The country has at least 12,000 available beds for the sick, he claimed, and Ukraine is relying on its international partners and Ukrainian producers for more of the medical equipment and supplies that it needs.
“We are getting ready for a bad scenario… we need to help people understand that the problem is big, and in order to conquer the virus we need to unite our efforts… and it is desirable for people to stay home and listen to all the health ministry advice.”
Supply, staff readiness
Dr. Sergei Dubrov is president of the Association of Anesthesiologists of Ukraine and an expert on intensive care unit (ICU) medicine and emergency departments. He said it’s critical to delay the spread of COVID‑19 and that staffing shortages soon could become a problem.
“We don’t yet know how many cases we will get in Ukraine. If we have as many cases as Italy — no country in the world can be ready for this situation… if we have less than 10 or 20,000 cases, we can be ready,” he said, adding that Ukraine currently has no COVID‑19 patients in the ICU.
“We don’t know how many will need the ICU, and I think there will be a problem with (the amount of) ICU nursing staff, and anesthesiologists. In some regions.”
As for equipment, Ukrainian Chief State Sanitary Dr. Viktor Liashko says that Ukraine has 3,500 intubation units and 15 life-support machines. Liashko did not respond to multiple requests for an interview.
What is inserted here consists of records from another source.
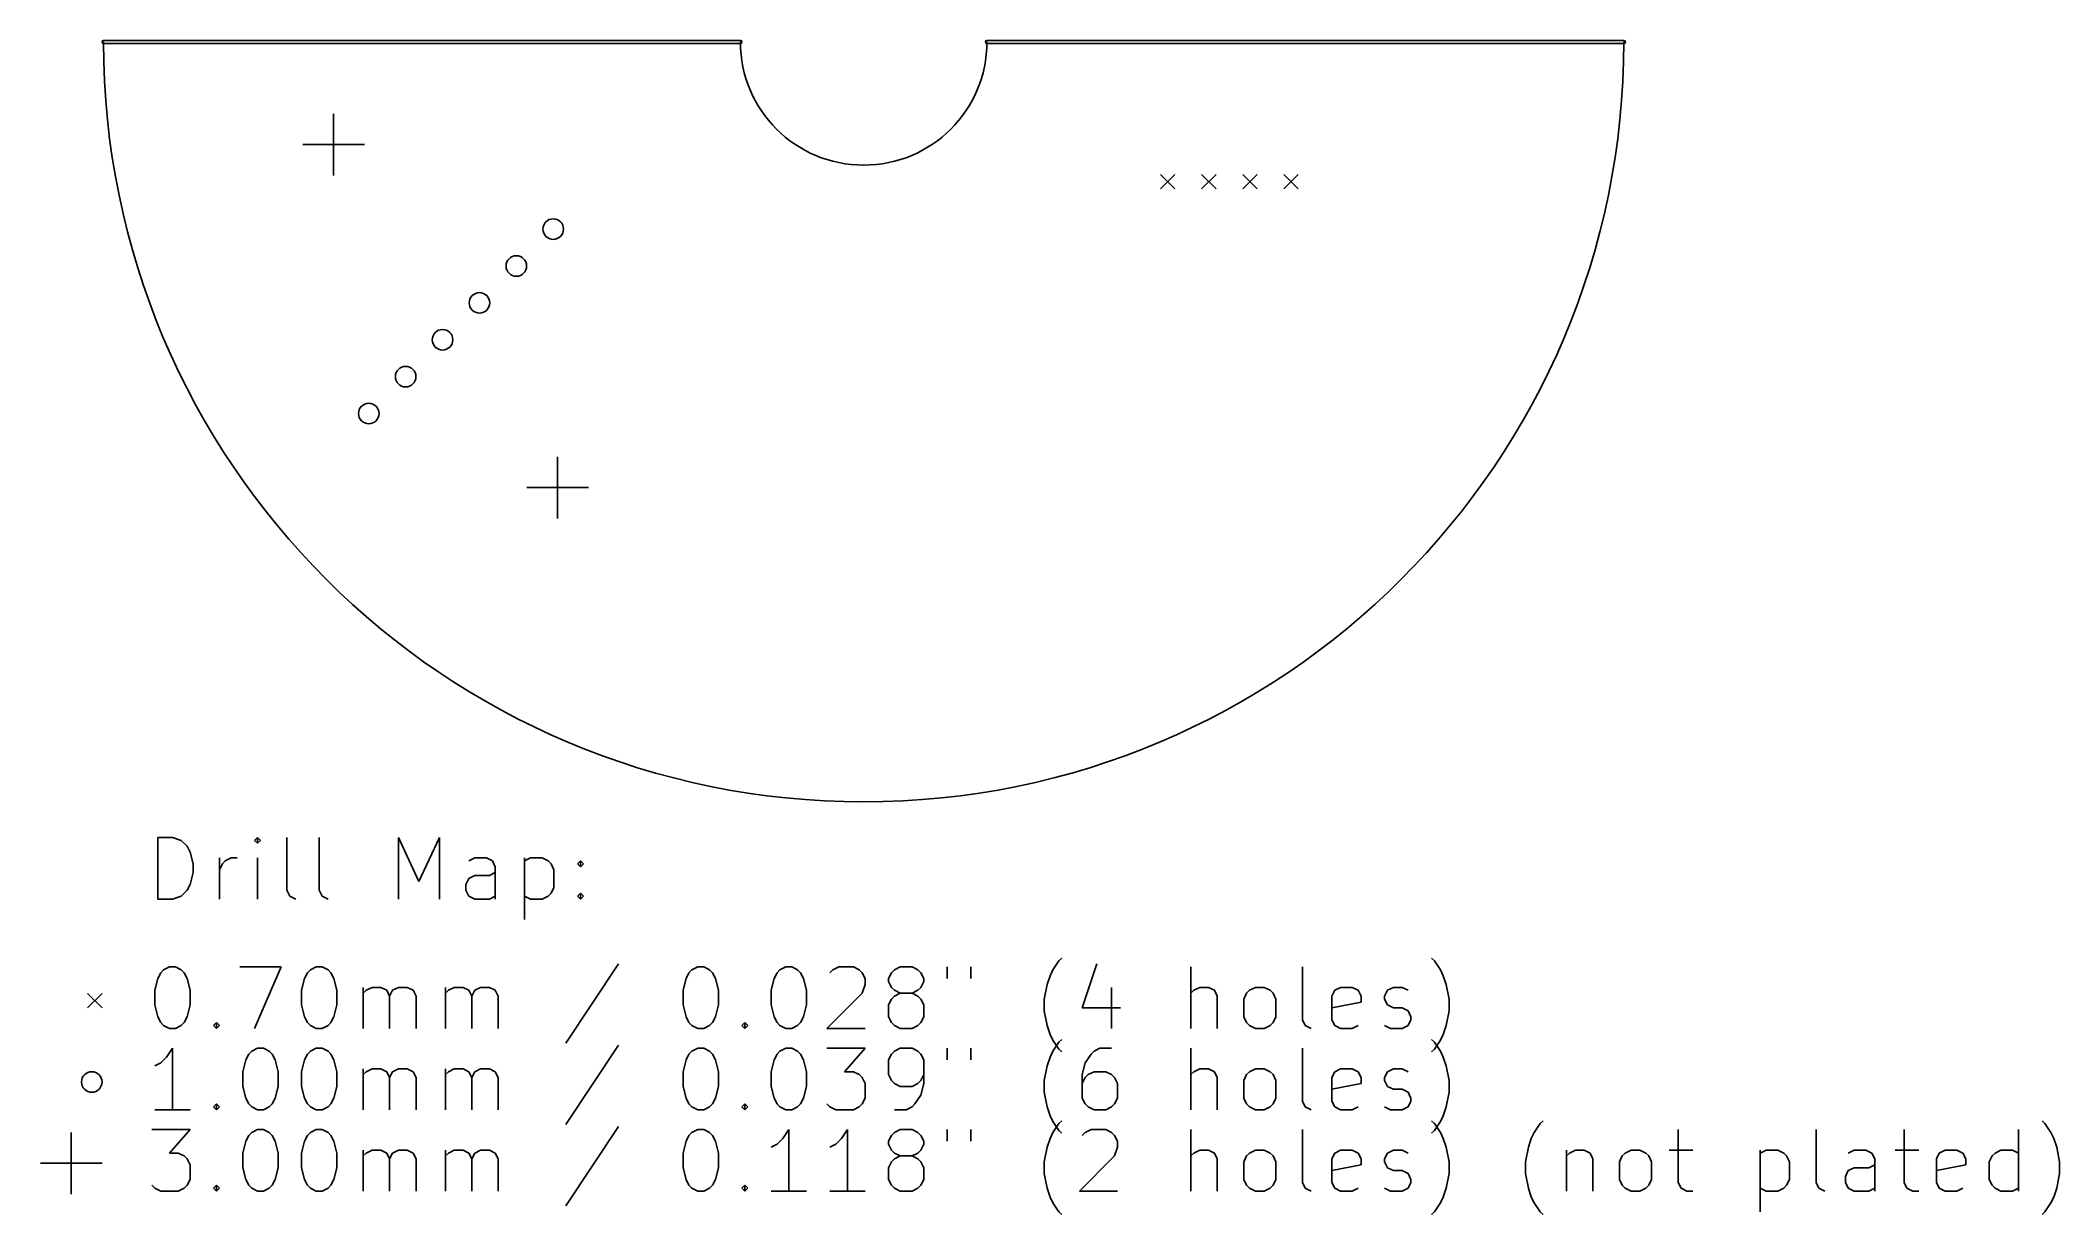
# Model space of a CAD drawing. Extents: x 112.9 to 211.2, y -134.1 to -76.9.
import ezdxf

# ---------------------------------------------------------------- set-up
doc = ezdxf.new("R2010")
doc.units = 0
doc.header["$MEASUREMENT"] = 0
doc.layers.add('BLACK', color=7, linetype='CONTINUOUS')

msp = doc.modelspace()

# ---------------------------------------------------------------- linework, layer by layer
at = {"layer": 'Black'}
for p, q in [((116, -76.925), (147, -76.925)), ((116, -77.075), (147, -77.075)), ((159, -76.925), (190, -76.925)), ((159, -77.075), (190, -77.075)), ((127.2, -80.5), (127.2, -83.5)), ((125.7, -82), (128.7, -82)), ((167.45, -83.45), (168.15, -84.15)), ((168.15, -83.45), (167.45, -84.15)), ((169.45, -83.45), (170.15, -84.15)), ((170.15, -83.45), (169.45, -84.15)), ((171.45, -83.45), (172.15, -84.15)), ((172.15, -83.45), (171.45, -84.15)), ((173.45, -83.45), (174.15, -84.15)), ((174.15, -83.45), (173.45, -84.15)), ((138.1, -97.2), (138.1, -100.2)), ((136.6, -98.7), (139.6, -98.7)), ((118.639, -118.732), (118.639, -115.732)), ((118.639, -115.732), (119.354, -115.732)), ((119.354, -115.732), (119.782, -115.875)), ((119.782, -115.875), (120.068, -116.161)), ((123.496, -115.732), (123.354, -115.875)), ((123.354, -115.875), (123.496, -116.018)), ((123.639, -115.875), (123.496, -115.732)), ((123.496, -115.732), (123.496, -116.018)), ((123.496, -116.018), (123.639, -115.875)), ((124.925, -118.304), (124.925, -115.732)), ((126.496, -118.304), (126.496, -115.732)), ((130.354, -118.732), (130.354, -115.732)), ((130.354, -115.732), (131.354, -117.875)), ((131.354, -117.875), (132.354, -115.732)), ((132.354, -115.732), (132.354, -118.732)), ((120.068, -116.161), (120.211, -116.446)), ((120.211, -116.446), (120.354, -117.018)), ((121.639, -118.732), (121.639, -116.732)), ((121.782, -117.018), (121.925, -116.875)), ((121.925, -116.875), (122.211, -116.732)), ((122.211, -116.732), (122.496, -116.732)), ((123.496, -118.732), (123.496, -116.732)), ((134.068, -116.732), (133.782, -116.875)), ((134.639, -116.732), (134.068, -116.732)), ((134.925, -116.875), (134.639, -116.732)), ((135.068, -117.161), (134.925, -116.875)), ((136.496, -116.732), (136.496, -119.732)), ((136.496, -116.875), (136.782, -116.732)), ((136.782, -116.732), (137.354, -116.732)), ((137.354, -116.732), (137.639, -116.875)), ((137.639, -116.875), (137.782, -117.018)), ((139.068, -117.018), (139.211, -116.875)), ((139.211, -116.875), (139.354, -117.018)), ((139.211, -116.875), (139.211, -117.161)), ((120.354, -117.446), (120.211, -118.018)), ((120.354, -117.018), (120.354, -117.446)), ((121.639, -117.304), (121.782, -117.018)), ((133.639, -118.018), (133.782, -117.732)), ((133.782, -117.732), (134.068, -117.589)), ((134.068, -117.589), (134.782, -117.589)), ((134.782, -117.589), (135.068, -117.446)), ((135.068, -118.732), (135.068, -117.161)), ((137.782, -117.018), (137.925, -117.304)), ((137.925, -117.304), (137.925, -118.161)), ((139.211, -117.161), (139.068, -117.018)), ((139.354, -117.018), (139.211, -117.161)), ((119.354, -118.732), (118.639, -118.732)), ((119.782, -118.589), (119.354, -118.732)), ((120.068, -118.304), (119.782, -118.589)), ((120.211, -118.018), (120.068, -118.304)), ((125.068, -118.589), (124.925, -118.304)), ((125.354, -118.732), (125.068, -118.589)), ((126.639, -118.589), (126.496, -118.304)), ((126.925, -118.732), (126.639, -118.589)), ((133.639, -118.304), (133.639, -118.018)), ((133.782, -118.589), (133.639, -118.304)), ((134.068, -118.732), (133.782, -118.589)), ((134.782, -118.732), (134.068, -118.732)), ((135.068, -118.589), (134.782, -118.732)), ((136.782, -118.732), (136.496, -118.589)), ((137.354, -118.732), (136.782, -118.732)), ((137.639, -118.589), (137.354, -118.732)), ((137.782, -118.446), (137.639, -118.589)), ((137.925, -118.161), (137.782, -118.446)), ((139.068, -118.589), (139.211, -118.446)), ((139.211, -118.732), (139.068, -118.589)), ((139.211, -118.446), (139.354, -118.589)), ((139.211, -118.446), (139.211, -118.732)), ((139.354, -118.589), (139.211, -118.732)), ((162.211, -122.175), (162.496, -121.746)), ((162.496, -121.746), (162.639, -121.604)), ((180.782, -121.746), (180.639, -121.604)), ((181.068, -122.175), (180.782, -121.746)), ((118.496, -123.175), (118.639, -122.604)), ((118.639, -122.604), (118.782, -122.318)), ((118.782, -122.318), (118.925, -122.175)), ((118.925, -122.175), (119.211, -122.032)), ((119.211, -122.032), (119.496, -122.032)), ((119.496, -122.032), (119.782, -122.175)), ((119.782, -122.175), (119.925, -122.318)), ((119.925, -122.318), (120.068, -122.604)), ((120.068, -122.604), (120.211, -123.175)), ((122.639, -122.032), (124.639, -122.032)), ((124.639, -122.032), (123.354, -125.032)), ((125.639, -123.175), (125.782, -122.604)), ((125.782, -122.604), (125.925, -122.318)), ((125.925, -122.318), (126.068, -122.175)), ((126.068, -122.175), (126.354, -122.032)), ((126.354, -122.032), (126.639, -122.032)), ((126.639, -122.032), (126.925, -122.175)), ((126.925, -122.175), (127.068, -122.318)), ((127.068, -122.318), (127.211, -122.604)), ((127.211, -122.604), (127.354, -123.175)), ((141.068, -121.889), (138.496, -125.746)), ((144.211, -123.175), (144.354, -122.604)), ((144.354, -122.604), (144.496, -122.318)), ((144.496, -122.318), (144.639, -122.175)), ((144.639, -122.175), (144.925, -122.032)), ((144.925, -122.032), (145.211, -122.032)), ((145.211, -122.032), (145.496, -122.175)), ((145.496, -122.175), (145.639, -122.318)), ((145.639, -122.318), (145.782, -122.604)), ((145.782, -122.604), (145.925, -123.175)), ((148.496, -123.175), (148.639, -122.604)), ((148.639, -122.604), (148.782, -122.318)), ((148.782, -122.318), (148.925, -122.175)), ((148.925, -122.175), (149.211, -122.032)), ((149.211, -122.032), (149.496, -122.032)), ((149.496, -122.032), (149.782, -122.175)), ((149.782, -122.175), (149.925, -122.318)), ((149.925, -122.318), (150.068, -122.604)), ((150.068, -122.604), (150.211, -123.175)), ((151.354, -122.318), (151.496, -122.175)), ((151.496, -122.175), (151.782, -122.032)), ((151.782, -122.032), (152.496, -122.032)), ((152.496, -122.032), (152.782, -122.175)), ((152.782, -122.175), (152.925, -122.318)), ((152.925, -122.318), (153.068, -122.604)), ((153.068, -122.604), (153.068, -122.889)), ((154.211, -122.604), (154.354, -122.318)), ((154.211, -122.746), (154.211, -122.604)), ((154.354, -123.032), (154.211, -122.746)), ((154.354, -122.318), (154.496, -122.175)), ((154.496, -122.175), (154.782, -122.032)), ((154.782, -122.032), (155.354, -122.032)), ((155.354, -122.032), (155.639, -122.175)), ((155.639, -122.175), (155.782, -122.318)), ((155.782, -122.318), (155.925, -122.604)), ((155.925, -122.746), (155.782, -123.032)), ((155.925, -122.604), (155.925, -122.746)), ((157.068, -122.032), (157.068, -122.604)), ((158.211, -122.032), (158.211, -122.604)), ((161.925, -122.889), (162.068, -122.461)), ((162.068, -122.461), (162.211, -122.175)), ((164.354, -121.889), (163.639, -124.032)), ((168.925, -125.032), (168.925, -122.032)), ((174.354, -124.604), (174.354, -122.032)), ((181.211, -122.461), (181.068, -122.175)), ((181.354, -122.889), (181.211, -122.461)), ((115.225, -123.325), (115.925, -124.025)), ((115.925, -123.325), (115.225, -124.025)), ((118.496, -123.889), (118.496, -123.175)), ((120.211, -123.175), (120.211, -123.889)), ((125.639, -123.889), (125.639, -123.175)), ((127.354, -123.175), (127.354, -123.889)), ((128.639, -125.032), (128.639, -123.032)), ((128.639, -123.318), (128.782, -123.175)), ((128.782, -123.175), (129.068, -123.032)), ((129.068, -123.032), (129.496, -123.032)), ((129.496, -123.032), (129.782, -123.175)), ((129.782, -123.175), (129.925, -123.461)), ((129.925, -123.461), (130.068, -123.175)), ((129.925, -123.461), (129.925, -125.032)), ((130.068, -123.175), (130.354, -123.032)), ((130.354, -123.032), (130.782, -123.032)), ((130.782, -123.032), (131.068, -123.175)), ((131.068, -123.175), (131.211, -123.461)), ((131.211, -123.461), (131.211, -125.032)), ((132.639, -125.032), (132.639, -123.032)), ((132.639, -123.318), (132.782, -123.175)), ((132.782, -123.175), (133.068, -123.032)), ((133.068, -123.032), (133.496, -123.032)), ((133.496, -123.032), (133.782, -123.175)), ((133.782, -123.175), (133.925, -123.461)), ((133.925, -123.461), (134.068, -123.175)), ((133.925, -123.461), (133.925, -125.032)), ((134.068, -123.175), (134.354, -123.032)), ((134.354, -123.032), (134.782, -123.032)), ((134.782, -123.032), (135.068, -123.175)), ((135.068, -123.175), (135.211, -123.461)), ((135.211, -123.461), (135.211, -125.032)), ((144.211, -123.889), (144.211, -123.175)), ((145.925, -123.175), (145.925, -123.889)), ((148.496, -123.889), (148.496, -123.175)), ((150.211, -123.175), (150.211, -123.889)), ((152.925, -123.318), (151.211, -125.032)), ((153.068, -122.889), (152.925, -123.318)), ((154.354, -123.604), (154.211, -123.889)), ((154.496, -123.175), (154.354, -123.032)), ((154.496, -123.461), (154.354, -123.604)), ((154.782, -123.318), (154.496, -123.175)), ((154.782, -123.318), (154.496, -123.461)), ((155.354, -123.318), (154.782, -123.318)), ((155.639, -123.175), (155.354, -123.318)), ((155.639, -123.461), (155.354, -123.318)), ((155.782, -123.032), (155.639, -123.175)), ((155.782, -123.604), (155.639, -123.461)), ((155.925, -123.889), (155.782, -123.604)), ((161.782, -123.604), (161.925, -122.889)), ((161.782, -124.175), (161.782, -123.604)), ((165.068, -123.032), (165.068, -125.032)), ((169.068, -123.175), (168.925, -123.318)), ((169.354, -123.032), (169.068, -123.175)), ((169.782, -123.032), (169.354, -123.032)), ((170.068, -123.175), (169.782, -123.032)), ((170.211, -123.461), (170.068, -123.175)), ((170.211, -125.032), (170.211, -123.461)), ((171.496, -123.604), (171.639, -123.318)), ((171.496, -124.461), (171.496, -123.604)), ((171.639, -123.318), (171.782, -123.175)), ((171.782, -123.175), (172.068, -123.032)), ((172.068, -123.032), (172.496, -123.032)), ((172.496, -123.032), (172.782, -123.175)), ((172.782, -123.175), (172.925, -123.318)), ((172.925, -123.318), (173.068, -123.604)), ((173.068, -123.604), (173.068, -124.461)), ((175.782, -123.461), (175.925, -123.175)), ((175.782, -124.604), (175.782, -123.461)), ((177.211, -123.746), (175.782, -124.032)), ((175.925, -123.175), (176.211, -123.032)), ((176.211, -123.032), (176.782, -123.032)), ((176.782, -123.032), (177.068, -123.175)), ((177.068, -123.175), (177.211, -123.461)), ((177.211, -123.461), (177.211, -123.746)), ((178.354, -123.461), (178.496, -123.175)), ((178.354, -123.604), (178.354, -123.461)), ((178.496, -123.889), (178.354, -123.604)), ((178.496, -123.175), (178.782, -123.032)), ((178.782, -123.032), (179.211, -123.032)), ((179.211, -123.032), (179.496, -123.175)), ((181.496, -123.604), (181.354, -122.889)), ((181.496, -124.175), (181.496, -123.604)), ((118.639, -124.461), (118.496, -123.889)), ((118.782, -124.746), (118.639, -124.461)), ((118.925, -124.889), (118.782, -124.746)), ((119.925, -124.746), (119.782, -124.889)), ((120.068, -124.461), (119.925, -124.746)), ((120.211, -123.889), (120.068, -124.461)), ((121.354, -124.889), (121.496, -124.746)), ((121.496, -124.746), (121.639, -124.889)), ((121.496, -124.746), (121.496, -125.032)), ((125.782, -124.461), (125.639, -123.889)), ((125.925, -124.746), (125.782, -124.461)), ((126.068, -124.889), (125.925, -124.746)), ((127.068, -124.746), (126.925, -124.889)), ((127.211, -124.461), (127.068, -124.746)), ((127.354, -123.889), (127.211, -124.461)), ((144.354, -124.461), (144.211, -123.889)), ((144.496, -124.746), (144.354, -124.461)), ((144.639, -124.889), (144.496, -124.746)), ((145.639, -124.746), (145.496, -124.889)), ((145.782, -124.461), (145.639, -124.746)), ((145.925, -123.889), (145.782, -124.461)), ((147.068, -124.889), (147.211, -124.746)), ((147.211, -124.746), (147.354, -124.889)), ((147.211, -124.746), (147.211, -125.032)), ((148.639, -124.461), (148.496, -123.889)), ((148.782, -124.746), (148.639, -124.461)), ((148.925, -124.889), (148.782, -124.746)), ((149.925, -124.746), (149.782, -124.889)), ((150.068, -124.461), (149.925, -124.746)), ((150.211, -123.889), (150.068, -124.461)), ((154.211, -123.889), (154.211, -124.461)), ((154.211, -124.461), (154.354, -124.746)), ((154.354, -124.746), (154.496, -124.889)), ((155.639, -124.889), (155.782, -124.746)), ((155.782, -124.746), (155.925, -124.461)), ((155.925, -124.461), (155.925, -123.889)), ((161.925, -124.889), (161.782, -124.175)), ((163.639, -124.032), (165.496, -124.032)), ((171.639, -124.746), (171.496, -124.461)), ((171.782, -124.889), (171.639, -124.746)), ((172.925, -124.746), (172.782, -124.889)), ((173.068, -124.461), (172.925, -124.746)), ((174.496, -124.889), (174.354, -124.604)), ((175.925, -124.889), (175.782, -124.604)), ((178.782, -124.032), (178.496, -123.889)), ((179.211, -124.032), (178.782, -124.032)), ((179.496, -124.175), (179.211, -124.032)), ((179.639, -124.461), (179.496, -124.175)), ((179.496, -124.889), (179.639, -124.604)), ((179.639, -124.604), (179.639, -124.461)), ((181.354, -124.889), (181.496, -124.175)), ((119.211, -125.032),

In comparison, Germany has 25,000 intubation units and just ordered 10,000 more.
Dr. Ulana Suprun, a Ukrainian-American physician who served as acting health minister from 2016–2019, told the Kyiv Post that Ukrainian hospitals are still badly funded and ill-equipped.
“There is not enough financing and financing is not going to the right place,” she said. “It should be going where the patient goes… There has been no reform done at that level (the hospitals),” Suprun said.
“Hospitals are in bad shape… no reform has been done at that level for 28 years of independence and also for 70 years before that,” Suprun said.
She said her team focused on reforming primary healthcare — family doctors — while hospitals still need systemic upgrades. “The change will happen only after the financing reform has happened,” she said.
Suprun says that Ukraine should be following the examples of countries that have best handled the COVID‑19 pandemic so far: “Two very successful countries… that have a very low mortality rate, are Germany and South Korea. They test a lot of people and isolate those who can pass the disease to others,” she said.
As for Rainey, he says his symptoms have more or less subsided, to the point where he is planning his next step: “I’ll self isolate until Sunday, then volunteer with the Red Cross,” he said.
Kyiv Post staff writer Daryna Antoniuk contributed to this story.